■ Problem to solve: Exactly the lines below from the one with "matlab function SimulinkMATPOWERbase/get_branches" up to and including the one with "active_power_to, reactive_power_to] ..." make up the answer, with nothing else added.
○ ○ ○
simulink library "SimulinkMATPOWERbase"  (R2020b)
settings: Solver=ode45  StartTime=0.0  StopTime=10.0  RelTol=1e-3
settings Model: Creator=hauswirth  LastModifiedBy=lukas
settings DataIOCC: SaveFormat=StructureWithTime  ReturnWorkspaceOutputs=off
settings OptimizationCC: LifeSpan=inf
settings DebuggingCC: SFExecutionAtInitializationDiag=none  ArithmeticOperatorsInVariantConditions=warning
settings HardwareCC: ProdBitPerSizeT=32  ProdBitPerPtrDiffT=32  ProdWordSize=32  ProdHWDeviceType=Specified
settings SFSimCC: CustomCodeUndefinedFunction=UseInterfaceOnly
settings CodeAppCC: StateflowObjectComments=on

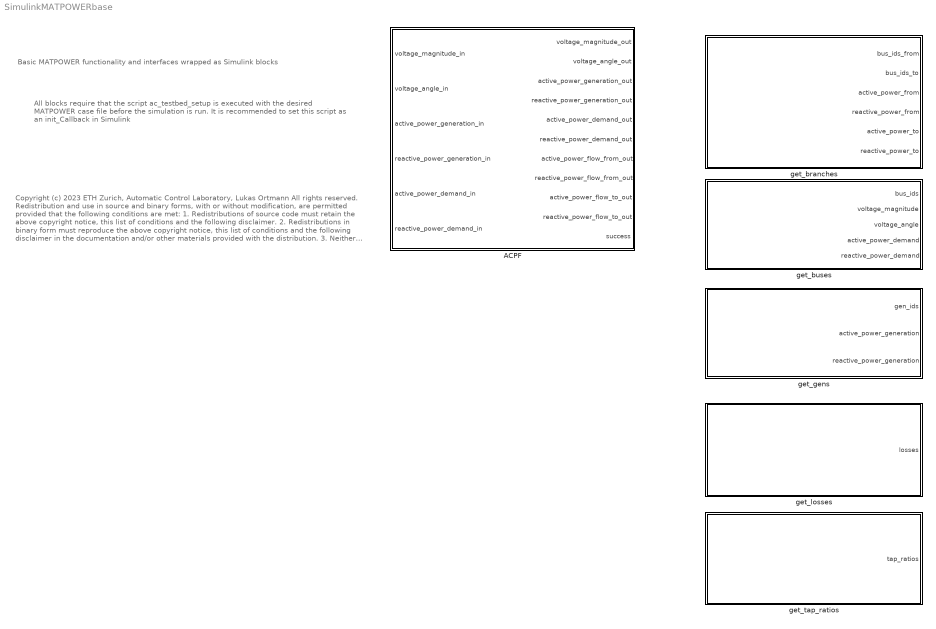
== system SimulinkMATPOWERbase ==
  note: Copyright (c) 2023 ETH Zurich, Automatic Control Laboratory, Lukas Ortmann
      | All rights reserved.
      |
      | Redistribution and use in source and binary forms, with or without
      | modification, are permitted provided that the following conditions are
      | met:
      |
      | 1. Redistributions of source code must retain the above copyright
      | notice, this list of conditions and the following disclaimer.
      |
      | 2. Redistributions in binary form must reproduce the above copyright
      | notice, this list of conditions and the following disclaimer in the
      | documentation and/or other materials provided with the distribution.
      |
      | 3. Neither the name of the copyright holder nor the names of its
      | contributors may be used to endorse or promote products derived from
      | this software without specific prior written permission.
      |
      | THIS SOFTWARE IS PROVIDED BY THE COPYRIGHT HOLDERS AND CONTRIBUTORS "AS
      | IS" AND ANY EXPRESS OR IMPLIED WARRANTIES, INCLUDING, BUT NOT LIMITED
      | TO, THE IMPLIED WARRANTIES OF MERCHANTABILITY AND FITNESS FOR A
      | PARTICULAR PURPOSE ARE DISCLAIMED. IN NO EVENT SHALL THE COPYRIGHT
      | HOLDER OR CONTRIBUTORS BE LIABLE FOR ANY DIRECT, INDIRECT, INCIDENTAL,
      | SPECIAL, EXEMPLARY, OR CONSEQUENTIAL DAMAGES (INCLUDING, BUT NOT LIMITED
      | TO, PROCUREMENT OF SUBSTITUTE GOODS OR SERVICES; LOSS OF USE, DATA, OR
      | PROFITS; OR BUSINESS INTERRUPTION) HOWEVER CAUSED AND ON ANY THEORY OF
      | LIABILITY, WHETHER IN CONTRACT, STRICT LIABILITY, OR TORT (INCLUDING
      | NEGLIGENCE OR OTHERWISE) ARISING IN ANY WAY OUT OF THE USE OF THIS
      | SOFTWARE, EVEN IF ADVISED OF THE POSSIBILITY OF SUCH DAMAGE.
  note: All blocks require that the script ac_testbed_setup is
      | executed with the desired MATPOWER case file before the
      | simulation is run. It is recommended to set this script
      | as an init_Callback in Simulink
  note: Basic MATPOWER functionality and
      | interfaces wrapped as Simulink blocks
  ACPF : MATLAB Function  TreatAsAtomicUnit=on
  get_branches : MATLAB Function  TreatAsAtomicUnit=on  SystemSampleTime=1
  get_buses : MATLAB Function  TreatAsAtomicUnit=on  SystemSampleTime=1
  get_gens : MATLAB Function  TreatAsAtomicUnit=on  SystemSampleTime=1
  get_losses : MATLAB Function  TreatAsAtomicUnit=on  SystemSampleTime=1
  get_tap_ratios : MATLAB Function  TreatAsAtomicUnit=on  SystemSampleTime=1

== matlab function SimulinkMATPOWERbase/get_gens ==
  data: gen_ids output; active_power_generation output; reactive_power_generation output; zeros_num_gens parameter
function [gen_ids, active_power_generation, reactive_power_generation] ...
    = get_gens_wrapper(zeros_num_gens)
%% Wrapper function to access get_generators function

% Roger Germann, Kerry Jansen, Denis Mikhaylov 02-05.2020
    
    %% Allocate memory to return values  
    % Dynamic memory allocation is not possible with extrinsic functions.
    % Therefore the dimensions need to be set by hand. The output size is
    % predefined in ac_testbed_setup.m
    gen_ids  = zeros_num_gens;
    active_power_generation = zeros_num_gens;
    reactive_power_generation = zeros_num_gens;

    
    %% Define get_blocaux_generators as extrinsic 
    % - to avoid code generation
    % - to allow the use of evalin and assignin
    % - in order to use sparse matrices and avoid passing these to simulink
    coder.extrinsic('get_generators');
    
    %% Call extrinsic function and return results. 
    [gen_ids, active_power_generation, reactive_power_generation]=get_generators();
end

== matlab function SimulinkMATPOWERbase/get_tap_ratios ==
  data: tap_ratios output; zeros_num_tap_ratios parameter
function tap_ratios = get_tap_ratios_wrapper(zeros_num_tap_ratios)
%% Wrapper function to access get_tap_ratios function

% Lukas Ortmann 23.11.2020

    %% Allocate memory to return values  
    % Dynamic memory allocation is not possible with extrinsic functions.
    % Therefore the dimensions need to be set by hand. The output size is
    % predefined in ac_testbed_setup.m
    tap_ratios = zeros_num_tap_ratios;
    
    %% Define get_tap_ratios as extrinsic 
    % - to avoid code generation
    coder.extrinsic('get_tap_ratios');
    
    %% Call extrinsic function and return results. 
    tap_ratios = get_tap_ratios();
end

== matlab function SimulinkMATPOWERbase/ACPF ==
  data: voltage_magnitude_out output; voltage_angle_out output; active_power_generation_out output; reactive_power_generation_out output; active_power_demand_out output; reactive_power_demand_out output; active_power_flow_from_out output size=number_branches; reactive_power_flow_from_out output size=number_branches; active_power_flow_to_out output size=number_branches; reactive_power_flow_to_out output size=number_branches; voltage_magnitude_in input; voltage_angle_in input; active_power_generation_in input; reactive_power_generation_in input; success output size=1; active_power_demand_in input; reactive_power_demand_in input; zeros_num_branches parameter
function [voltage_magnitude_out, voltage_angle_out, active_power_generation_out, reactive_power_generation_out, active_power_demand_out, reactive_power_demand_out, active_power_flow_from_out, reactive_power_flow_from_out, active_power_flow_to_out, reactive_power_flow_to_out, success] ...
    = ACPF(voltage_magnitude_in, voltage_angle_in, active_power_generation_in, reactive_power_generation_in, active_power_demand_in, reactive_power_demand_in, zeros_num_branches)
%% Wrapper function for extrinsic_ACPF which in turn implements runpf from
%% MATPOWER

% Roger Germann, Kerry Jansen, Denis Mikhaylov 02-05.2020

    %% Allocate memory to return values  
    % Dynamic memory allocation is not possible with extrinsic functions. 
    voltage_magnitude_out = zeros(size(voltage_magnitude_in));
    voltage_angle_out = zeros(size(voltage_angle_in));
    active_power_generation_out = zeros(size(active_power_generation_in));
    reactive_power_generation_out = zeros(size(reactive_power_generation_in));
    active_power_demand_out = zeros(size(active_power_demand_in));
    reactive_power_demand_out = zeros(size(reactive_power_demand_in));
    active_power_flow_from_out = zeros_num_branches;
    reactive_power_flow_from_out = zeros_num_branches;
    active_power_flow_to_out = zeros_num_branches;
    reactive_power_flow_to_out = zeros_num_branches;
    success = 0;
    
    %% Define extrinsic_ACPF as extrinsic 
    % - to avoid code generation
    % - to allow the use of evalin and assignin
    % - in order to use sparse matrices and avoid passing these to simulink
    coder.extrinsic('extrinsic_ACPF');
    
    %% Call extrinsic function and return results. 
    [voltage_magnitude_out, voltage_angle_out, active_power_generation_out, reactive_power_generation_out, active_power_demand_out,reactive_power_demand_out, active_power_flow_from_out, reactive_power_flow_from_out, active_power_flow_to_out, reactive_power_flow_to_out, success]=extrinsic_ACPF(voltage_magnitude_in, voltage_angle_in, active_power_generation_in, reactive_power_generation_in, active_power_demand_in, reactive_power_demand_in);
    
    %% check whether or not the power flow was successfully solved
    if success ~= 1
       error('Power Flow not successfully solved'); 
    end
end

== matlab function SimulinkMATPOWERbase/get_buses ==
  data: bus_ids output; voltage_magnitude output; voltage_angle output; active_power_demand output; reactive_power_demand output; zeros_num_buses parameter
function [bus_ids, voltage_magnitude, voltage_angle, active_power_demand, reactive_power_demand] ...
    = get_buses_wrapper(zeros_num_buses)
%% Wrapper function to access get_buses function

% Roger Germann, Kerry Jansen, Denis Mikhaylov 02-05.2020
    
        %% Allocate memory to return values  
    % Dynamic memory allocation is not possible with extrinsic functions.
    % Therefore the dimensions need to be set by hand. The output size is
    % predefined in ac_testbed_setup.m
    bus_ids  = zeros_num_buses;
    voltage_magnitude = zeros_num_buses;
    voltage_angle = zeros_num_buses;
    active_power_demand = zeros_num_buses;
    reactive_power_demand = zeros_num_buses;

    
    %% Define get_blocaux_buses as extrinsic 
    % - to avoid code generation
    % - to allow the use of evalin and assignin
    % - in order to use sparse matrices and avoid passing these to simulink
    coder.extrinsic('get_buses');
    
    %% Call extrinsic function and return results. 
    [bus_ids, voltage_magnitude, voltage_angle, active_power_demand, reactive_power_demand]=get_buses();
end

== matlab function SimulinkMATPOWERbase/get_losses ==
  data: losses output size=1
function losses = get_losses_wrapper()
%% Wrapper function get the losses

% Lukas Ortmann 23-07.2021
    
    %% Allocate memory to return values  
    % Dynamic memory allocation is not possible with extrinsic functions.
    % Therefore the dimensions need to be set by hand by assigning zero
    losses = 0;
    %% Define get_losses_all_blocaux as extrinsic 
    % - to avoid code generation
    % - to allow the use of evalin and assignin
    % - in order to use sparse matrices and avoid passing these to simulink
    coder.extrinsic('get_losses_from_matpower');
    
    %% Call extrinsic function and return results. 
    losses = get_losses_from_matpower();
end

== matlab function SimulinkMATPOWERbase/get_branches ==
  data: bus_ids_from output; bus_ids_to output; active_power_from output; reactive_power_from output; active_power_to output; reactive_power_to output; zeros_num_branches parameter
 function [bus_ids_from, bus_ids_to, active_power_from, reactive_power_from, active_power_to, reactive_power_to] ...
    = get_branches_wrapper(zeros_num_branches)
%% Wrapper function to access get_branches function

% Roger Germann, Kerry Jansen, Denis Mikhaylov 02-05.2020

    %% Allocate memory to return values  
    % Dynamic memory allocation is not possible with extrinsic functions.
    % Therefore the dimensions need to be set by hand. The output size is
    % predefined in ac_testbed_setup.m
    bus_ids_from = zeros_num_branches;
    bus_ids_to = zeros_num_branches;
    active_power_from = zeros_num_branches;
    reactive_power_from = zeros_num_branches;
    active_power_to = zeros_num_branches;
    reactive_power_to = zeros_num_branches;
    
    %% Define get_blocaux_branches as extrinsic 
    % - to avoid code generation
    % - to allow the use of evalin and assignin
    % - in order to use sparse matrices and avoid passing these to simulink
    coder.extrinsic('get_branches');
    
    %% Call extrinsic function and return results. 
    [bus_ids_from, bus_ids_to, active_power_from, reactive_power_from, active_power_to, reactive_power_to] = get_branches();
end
○ ○ ○
■ Answer space:
== matlab function SimulinkMATPOWERbase/get_branches ==
  data: bus_ids_from output; bus_ids_to output; active_power_from output; reactive_power_from output; active_power_to output; reactive_power_to output; zeros_num_branches parameter
 function [bus_ids_from, bus_ids_to, active_power_from, reactive_power_from, active_power_to, reactive_power_to] ...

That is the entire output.